■ **Assignment**
Where does the string "gull" appear in the material? Copy each line that holds it.

Content starts

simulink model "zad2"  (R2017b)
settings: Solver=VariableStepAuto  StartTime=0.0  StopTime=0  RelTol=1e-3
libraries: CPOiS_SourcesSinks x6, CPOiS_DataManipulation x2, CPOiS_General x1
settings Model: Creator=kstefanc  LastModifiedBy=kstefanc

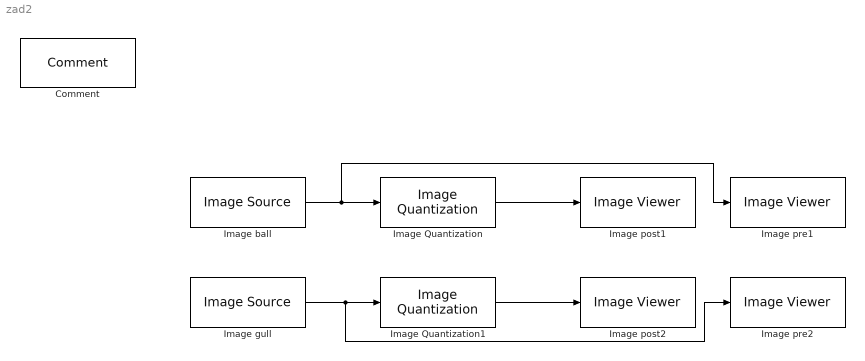
== system zad2 ==
  Comment : CPOiS_General/Comment
      settings: SourceProductName=CPOiS - Digital image and signal processing
  Image Quantization : CPOiS_DataManipulation/Image Quantization  LevelsNum=20
      settings: SourceProductName=CPOiS - Digital image and signal processing
  Image Quantization1 : CPOiS_DataManipulation/Image Quantization  LevelsNum=7
      settings: SourceProductName=CPOiS - Digital image and signal processing
  Image ball : CPOiS_SourcesSinks/Image Source  FileSelection=ball.png
      settings: SourceProductName=CPOiS - Digital image and signal processing
  "Image gull " : CPOiS_SourcesSinks/Image Source  FileSelection=gull.png
      settings: SourceProductName=CPOiS - Digital image and signal processing
  Image post1 : CPOiS_SourcesSinks/Image Viewer
      settings: SourceProductName=CPOiS - Digital image and signal processing
  Image post2 : CPOiS_SourcesSinks/Image Viewer
      settings: SourceProductName=CPOiS - Digital image and signal processing
  "Image pre1 " : CPOiS_SourcesSinks/Image Viewer
      settings: SourceProductName=CPOiS - Digital image and signal processing
  Image pre2 : CPOiS_SourcesSinks/Image Viewer
      settings: SourceProductName=CPOiS - Digital image and signal processing
  wires:
  Image Quantization/1 -> Image post1/1
  Image ball/1 -> Image Quantization/1, "Image pre1 "/1
  Image Quantization1/1 -> Image post2/1
  "Image gull "/1 -> Image Quantization1/1, Image pre2/1

Content ends

■ **Exercise result**
  "Image gull " : CPOiS_SourcesSinks/Image Source  FileSelection=gull.png
  "Image gull "/1 -> Image Quantization1/1, Image pre2/1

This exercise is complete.